Where does the word "ThreePointArc" occur in the material? Copy each line that has it.

= = =

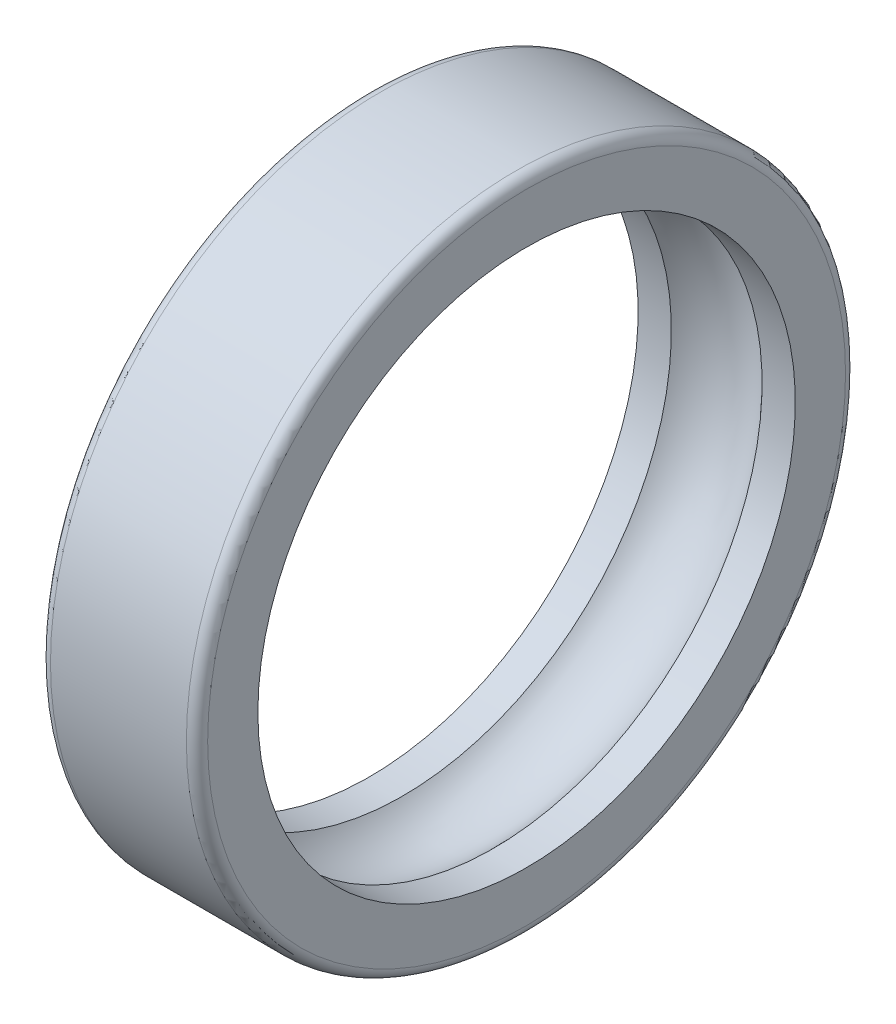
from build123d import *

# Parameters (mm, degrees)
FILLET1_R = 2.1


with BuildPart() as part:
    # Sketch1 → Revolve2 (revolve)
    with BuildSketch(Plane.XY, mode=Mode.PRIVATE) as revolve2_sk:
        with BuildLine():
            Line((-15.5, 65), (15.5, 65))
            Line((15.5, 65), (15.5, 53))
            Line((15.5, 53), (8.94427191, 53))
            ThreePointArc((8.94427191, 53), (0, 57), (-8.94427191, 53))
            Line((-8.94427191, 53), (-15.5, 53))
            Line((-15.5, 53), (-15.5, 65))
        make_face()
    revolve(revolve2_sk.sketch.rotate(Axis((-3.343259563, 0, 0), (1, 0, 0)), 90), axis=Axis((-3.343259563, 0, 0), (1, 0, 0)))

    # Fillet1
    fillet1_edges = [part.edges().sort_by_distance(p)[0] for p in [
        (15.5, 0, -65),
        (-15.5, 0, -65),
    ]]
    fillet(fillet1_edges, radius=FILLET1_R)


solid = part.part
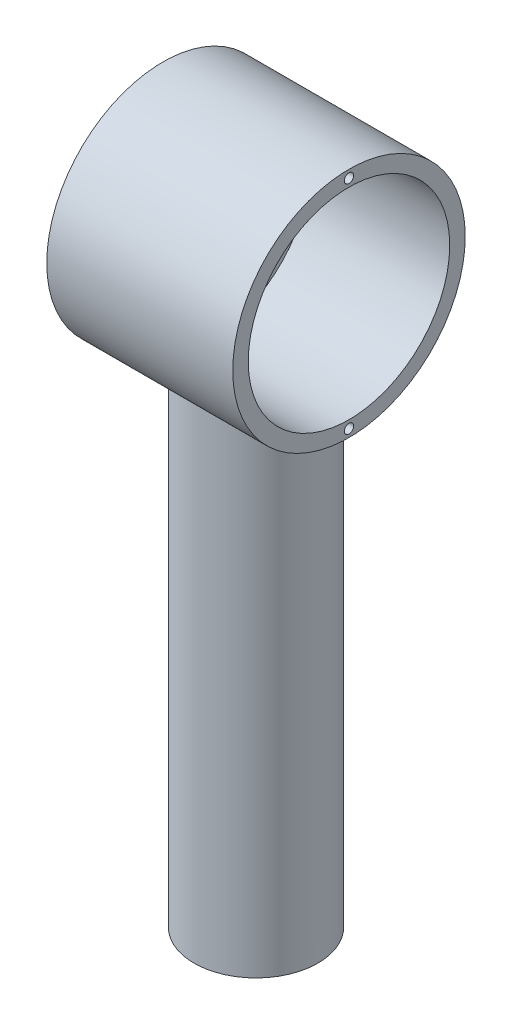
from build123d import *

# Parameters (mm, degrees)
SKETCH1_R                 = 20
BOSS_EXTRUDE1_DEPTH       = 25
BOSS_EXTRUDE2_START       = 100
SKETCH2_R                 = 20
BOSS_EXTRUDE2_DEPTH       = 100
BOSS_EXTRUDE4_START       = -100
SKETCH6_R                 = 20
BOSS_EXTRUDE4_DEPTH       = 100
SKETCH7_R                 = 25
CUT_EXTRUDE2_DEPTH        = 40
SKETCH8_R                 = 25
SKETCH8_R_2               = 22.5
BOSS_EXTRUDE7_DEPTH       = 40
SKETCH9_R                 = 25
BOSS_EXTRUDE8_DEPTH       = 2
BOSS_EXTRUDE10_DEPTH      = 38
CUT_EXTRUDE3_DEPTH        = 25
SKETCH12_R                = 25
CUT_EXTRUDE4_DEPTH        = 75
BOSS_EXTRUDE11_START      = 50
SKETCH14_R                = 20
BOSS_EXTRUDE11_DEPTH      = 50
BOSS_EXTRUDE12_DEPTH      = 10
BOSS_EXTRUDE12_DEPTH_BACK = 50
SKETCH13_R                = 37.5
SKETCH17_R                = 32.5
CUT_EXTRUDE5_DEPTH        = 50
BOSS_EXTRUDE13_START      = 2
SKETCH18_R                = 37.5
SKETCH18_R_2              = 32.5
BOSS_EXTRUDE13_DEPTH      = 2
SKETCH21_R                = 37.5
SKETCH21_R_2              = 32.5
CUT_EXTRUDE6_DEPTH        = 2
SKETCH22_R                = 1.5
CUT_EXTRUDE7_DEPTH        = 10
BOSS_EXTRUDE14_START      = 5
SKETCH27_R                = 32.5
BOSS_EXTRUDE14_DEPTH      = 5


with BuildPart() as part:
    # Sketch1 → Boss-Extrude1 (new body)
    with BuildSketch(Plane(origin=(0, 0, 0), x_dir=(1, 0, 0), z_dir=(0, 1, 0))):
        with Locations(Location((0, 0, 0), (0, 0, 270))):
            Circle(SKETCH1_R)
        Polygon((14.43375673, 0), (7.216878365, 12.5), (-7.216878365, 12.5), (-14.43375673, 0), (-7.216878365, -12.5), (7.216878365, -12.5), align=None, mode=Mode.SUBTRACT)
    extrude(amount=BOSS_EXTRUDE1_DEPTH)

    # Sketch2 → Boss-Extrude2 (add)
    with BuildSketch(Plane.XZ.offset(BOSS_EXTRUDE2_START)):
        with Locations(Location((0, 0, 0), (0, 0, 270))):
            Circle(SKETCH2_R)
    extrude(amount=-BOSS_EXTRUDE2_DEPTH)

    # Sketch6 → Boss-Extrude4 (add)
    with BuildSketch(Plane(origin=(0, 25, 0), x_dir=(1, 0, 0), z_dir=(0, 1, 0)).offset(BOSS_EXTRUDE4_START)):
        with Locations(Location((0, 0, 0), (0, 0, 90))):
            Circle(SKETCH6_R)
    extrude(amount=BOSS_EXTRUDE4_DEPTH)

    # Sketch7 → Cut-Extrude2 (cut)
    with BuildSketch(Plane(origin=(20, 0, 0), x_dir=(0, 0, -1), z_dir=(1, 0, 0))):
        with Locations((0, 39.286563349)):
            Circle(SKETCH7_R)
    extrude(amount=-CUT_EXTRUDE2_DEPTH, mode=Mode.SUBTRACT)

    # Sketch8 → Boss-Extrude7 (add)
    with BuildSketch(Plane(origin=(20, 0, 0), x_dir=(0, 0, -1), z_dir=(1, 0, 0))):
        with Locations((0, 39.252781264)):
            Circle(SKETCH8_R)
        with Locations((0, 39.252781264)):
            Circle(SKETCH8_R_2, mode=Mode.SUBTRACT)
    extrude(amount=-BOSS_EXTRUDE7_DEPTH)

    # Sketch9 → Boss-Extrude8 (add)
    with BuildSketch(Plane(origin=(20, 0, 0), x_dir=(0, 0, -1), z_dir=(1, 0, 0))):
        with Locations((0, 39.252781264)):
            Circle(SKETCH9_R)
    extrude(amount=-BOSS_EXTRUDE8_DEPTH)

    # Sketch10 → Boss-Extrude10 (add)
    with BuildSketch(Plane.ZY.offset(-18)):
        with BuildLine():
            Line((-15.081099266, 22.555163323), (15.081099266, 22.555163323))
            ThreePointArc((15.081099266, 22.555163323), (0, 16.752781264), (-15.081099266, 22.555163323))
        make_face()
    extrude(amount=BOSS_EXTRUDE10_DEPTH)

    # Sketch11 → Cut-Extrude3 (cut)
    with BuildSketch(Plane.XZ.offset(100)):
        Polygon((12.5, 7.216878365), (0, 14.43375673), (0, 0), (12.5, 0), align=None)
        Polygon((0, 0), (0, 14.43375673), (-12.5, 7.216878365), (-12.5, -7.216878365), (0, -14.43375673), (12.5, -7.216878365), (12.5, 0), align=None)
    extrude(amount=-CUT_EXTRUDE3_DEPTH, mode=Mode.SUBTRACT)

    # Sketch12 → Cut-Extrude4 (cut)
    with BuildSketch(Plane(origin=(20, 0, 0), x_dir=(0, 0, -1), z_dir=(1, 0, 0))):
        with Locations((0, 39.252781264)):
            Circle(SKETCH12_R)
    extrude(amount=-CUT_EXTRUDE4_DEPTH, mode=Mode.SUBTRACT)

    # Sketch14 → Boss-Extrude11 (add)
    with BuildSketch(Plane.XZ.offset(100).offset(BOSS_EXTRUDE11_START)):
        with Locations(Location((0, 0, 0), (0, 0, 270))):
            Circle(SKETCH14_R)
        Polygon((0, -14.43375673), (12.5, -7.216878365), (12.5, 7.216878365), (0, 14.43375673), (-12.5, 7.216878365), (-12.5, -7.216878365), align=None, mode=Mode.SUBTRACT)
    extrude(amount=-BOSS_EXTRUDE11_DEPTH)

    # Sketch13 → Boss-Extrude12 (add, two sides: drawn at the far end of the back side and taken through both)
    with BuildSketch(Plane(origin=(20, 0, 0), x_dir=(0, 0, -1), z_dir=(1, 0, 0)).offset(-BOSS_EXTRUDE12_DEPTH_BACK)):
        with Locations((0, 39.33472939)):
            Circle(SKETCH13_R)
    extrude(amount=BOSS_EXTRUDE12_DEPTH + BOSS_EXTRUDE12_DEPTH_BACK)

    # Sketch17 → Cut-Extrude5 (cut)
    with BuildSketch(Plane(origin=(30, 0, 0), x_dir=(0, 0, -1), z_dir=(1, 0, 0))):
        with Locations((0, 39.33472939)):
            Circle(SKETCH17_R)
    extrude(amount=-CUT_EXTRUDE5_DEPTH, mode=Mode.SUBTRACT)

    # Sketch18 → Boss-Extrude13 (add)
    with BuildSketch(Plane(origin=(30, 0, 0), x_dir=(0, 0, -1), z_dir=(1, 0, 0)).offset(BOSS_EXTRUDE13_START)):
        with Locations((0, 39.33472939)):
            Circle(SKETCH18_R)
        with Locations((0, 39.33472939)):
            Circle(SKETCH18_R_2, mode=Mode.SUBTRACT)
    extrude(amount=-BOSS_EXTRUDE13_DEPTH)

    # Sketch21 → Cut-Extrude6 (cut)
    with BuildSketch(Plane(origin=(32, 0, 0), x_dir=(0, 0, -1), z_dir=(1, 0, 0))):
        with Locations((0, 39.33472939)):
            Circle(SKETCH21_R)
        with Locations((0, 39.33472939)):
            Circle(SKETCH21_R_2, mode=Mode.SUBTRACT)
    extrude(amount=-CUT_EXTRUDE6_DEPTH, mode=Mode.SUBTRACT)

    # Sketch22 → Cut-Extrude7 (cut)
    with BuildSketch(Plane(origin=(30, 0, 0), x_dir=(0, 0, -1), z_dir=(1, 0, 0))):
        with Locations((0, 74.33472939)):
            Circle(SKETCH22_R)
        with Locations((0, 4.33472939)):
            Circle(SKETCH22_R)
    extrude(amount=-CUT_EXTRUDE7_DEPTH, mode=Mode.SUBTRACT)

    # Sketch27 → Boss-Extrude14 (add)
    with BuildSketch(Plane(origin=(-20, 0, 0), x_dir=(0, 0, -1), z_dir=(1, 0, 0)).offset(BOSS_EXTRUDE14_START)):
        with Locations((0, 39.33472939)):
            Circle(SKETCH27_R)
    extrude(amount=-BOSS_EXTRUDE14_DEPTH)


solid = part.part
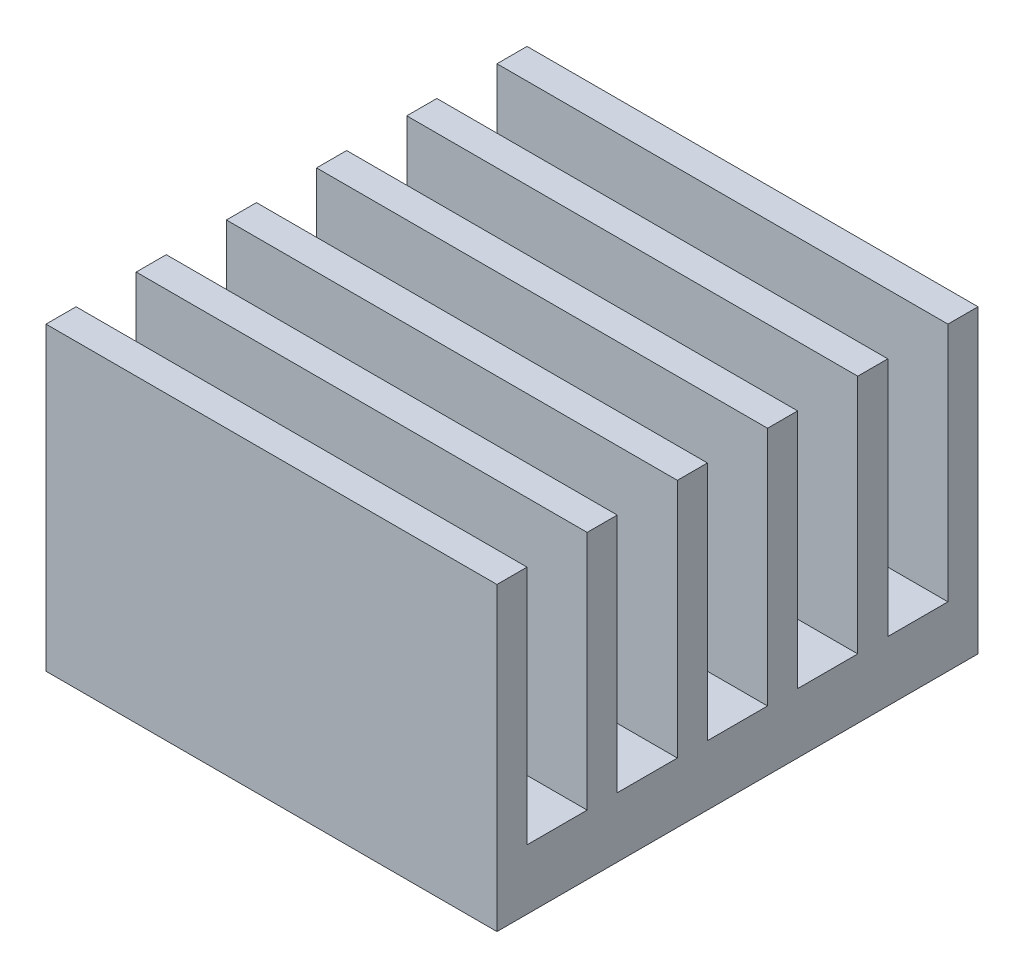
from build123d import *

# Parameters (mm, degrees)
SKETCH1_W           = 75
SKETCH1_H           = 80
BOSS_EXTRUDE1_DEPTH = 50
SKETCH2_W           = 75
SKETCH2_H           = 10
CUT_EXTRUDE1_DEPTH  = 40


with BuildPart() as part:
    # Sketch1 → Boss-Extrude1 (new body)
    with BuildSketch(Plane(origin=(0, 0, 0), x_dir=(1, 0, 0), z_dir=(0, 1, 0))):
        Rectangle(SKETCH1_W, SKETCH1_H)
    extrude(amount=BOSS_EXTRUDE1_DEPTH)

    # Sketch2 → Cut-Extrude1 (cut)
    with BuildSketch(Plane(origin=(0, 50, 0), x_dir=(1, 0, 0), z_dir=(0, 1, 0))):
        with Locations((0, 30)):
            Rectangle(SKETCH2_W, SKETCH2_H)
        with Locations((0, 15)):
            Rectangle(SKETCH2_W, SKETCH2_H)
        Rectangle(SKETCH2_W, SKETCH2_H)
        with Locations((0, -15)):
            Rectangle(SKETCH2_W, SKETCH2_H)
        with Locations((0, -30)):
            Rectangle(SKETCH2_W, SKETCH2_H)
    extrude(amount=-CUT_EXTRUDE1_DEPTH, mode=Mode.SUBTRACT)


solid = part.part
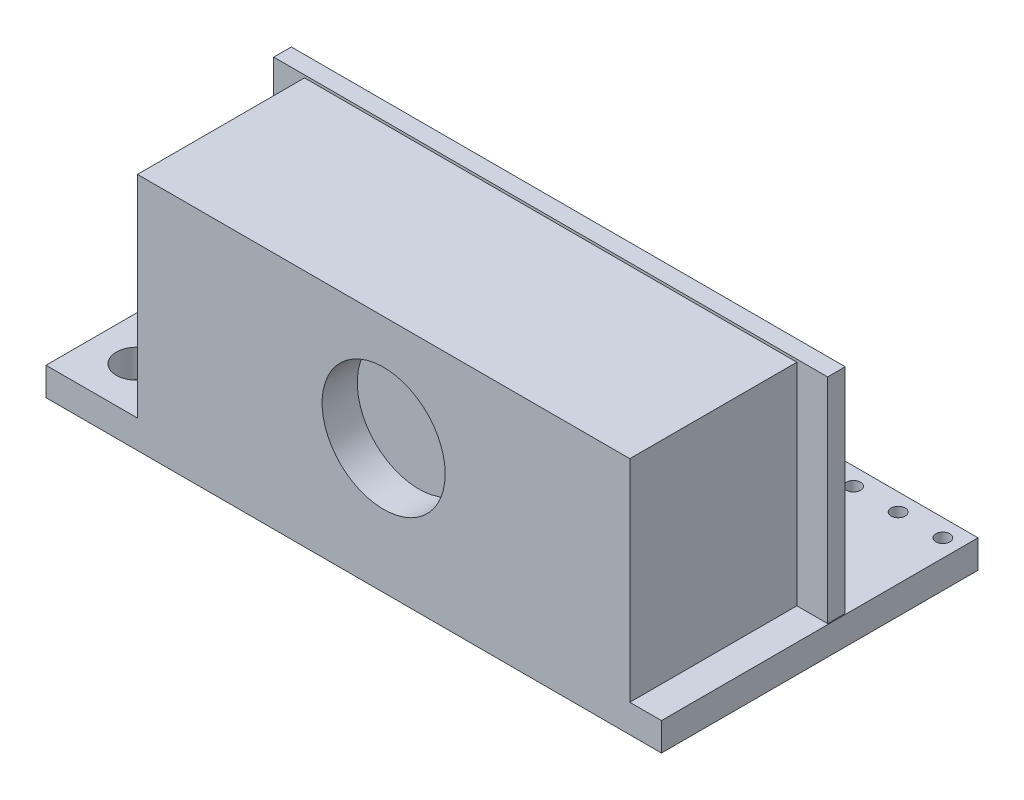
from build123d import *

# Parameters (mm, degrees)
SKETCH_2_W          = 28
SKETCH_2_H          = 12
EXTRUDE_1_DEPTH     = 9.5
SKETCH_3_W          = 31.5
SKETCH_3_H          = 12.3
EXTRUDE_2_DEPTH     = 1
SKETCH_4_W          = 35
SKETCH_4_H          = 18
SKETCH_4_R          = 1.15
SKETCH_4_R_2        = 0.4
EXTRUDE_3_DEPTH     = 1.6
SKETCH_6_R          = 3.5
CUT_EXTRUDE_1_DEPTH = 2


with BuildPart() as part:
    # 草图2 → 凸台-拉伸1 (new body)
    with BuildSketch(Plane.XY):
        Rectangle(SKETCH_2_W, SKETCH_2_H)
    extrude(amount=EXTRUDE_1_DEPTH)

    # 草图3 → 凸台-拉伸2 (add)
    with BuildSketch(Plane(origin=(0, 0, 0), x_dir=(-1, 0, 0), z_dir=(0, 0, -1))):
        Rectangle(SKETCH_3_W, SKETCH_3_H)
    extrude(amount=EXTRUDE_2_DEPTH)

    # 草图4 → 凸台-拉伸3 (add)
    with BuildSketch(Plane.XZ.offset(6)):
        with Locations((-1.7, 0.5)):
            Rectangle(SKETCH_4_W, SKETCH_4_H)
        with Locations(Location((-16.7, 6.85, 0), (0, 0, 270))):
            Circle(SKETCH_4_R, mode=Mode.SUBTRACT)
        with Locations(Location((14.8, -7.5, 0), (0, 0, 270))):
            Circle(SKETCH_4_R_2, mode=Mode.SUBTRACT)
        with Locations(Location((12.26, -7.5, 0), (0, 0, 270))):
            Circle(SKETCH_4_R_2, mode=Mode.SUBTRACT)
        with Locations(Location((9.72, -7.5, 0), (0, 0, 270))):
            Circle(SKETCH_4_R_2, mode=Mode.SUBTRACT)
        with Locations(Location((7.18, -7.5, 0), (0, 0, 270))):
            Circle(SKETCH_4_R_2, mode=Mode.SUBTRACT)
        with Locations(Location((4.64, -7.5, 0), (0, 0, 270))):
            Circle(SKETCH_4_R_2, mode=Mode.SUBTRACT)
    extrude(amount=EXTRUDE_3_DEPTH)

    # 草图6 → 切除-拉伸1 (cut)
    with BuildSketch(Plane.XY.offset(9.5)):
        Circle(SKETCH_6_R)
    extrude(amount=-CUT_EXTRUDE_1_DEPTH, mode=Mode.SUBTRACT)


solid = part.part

= = =

» Reply
            ThreePointArc((8.94427191, 53), (0, 57), (-8.94427191, 53))
            ThreePointArc((15.081099266, 22.555163323), (0, 16.752781264), (-15.081099266, 22.555163323))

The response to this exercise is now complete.